Measure RAMCloud in action to understand how much variation there is in the latency for basic operations such as reads and writes (preliminary evidence suggests that there is a significant issue with tail latency). Then figure out what is causing tail latency (this is likely to involve the Linux kernel as well as RAMCloud) and develop mechanisms to improve it.
Sooner or later, every storage system needs a notification mechanism: some clients want to know when certain elements of the storage system are modified. For example, databases have triggers. Design and implement a notification mechanism for RAMCloud:
- The notification system could be either inside or outside RAMCloud. One possibility is to implement a general-purpose notification system, of which RAMCloud is simply a client.
- The notification system needs to be consistent with RAMCloud's goals of large-scale and low latency.
- Before doing this project, it's probably worth looking at the notification system we developed for Fiz.
Storing all data in memory is expensive, but storing some on flash and disk raises a ton of questions.
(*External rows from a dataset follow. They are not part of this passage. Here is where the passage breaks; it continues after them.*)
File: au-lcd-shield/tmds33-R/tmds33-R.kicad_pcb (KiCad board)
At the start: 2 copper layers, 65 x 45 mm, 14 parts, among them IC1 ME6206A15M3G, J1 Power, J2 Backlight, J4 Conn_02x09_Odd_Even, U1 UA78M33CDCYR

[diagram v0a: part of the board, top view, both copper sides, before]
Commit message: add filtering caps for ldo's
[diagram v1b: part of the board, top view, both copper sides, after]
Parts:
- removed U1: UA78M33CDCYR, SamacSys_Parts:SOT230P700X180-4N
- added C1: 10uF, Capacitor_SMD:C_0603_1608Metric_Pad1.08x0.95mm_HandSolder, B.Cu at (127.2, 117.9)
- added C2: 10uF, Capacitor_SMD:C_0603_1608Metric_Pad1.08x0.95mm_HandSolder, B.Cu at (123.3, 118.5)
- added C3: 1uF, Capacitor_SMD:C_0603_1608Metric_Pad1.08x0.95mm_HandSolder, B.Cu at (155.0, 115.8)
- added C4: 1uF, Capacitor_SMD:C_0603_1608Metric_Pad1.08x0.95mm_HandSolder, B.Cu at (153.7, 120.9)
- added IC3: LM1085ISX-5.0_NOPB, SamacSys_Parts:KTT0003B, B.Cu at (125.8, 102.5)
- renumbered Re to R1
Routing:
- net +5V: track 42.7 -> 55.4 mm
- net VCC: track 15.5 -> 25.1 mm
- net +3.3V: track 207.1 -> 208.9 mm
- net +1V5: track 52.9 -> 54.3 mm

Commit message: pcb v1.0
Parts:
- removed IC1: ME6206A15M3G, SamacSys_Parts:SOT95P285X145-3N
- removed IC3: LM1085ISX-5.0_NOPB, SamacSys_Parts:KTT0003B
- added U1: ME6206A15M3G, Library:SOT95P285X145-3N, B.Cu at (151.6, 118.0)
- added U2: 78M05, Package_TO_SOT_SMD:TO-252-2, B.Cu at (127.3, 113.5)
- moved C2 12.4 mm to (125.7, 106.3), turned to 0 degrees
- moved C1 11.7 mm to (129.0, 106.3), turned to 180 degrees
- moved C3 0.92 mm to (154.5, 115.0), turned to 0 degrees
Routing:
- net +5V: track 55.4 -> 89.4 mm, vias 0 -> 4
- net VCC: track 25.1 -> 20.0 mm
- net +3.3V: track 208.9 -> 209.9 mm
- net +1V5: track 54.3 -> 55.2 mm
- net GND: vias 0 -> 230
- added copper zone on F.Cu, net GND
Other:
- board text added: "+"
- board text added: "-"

- Is it possible to serve data from disk without impacting the performance of data served from memory? I.e., how much hardware needs to be dedicated to the disk-based objects (disks? CPUs?)
- What's the latency you can expect out of disk/flash when the system is under load? How quickly do applications lose all benefit of having any objects in memory?
- Should metadata for all objects be kept in memory, even the disk-based ones? In that case, how big does an object have to be before there's any substantial savings from keeping it on disk?
- How does this compare to a volatile cache in front of a disk-based system?
- To what degree do you want both of these things in one system vs two independent systems? Perhaps with a client library that can interact with both.
- How would this change if the latency or IOPS of flash were different? (I assume disk will remain about the same over time.)
- Should the system manage which objects go where, the application, or some mixture?
- What are the characteristics of my application that would lead me to decide on a disk-based system vs a memory-based system vs a hybrid?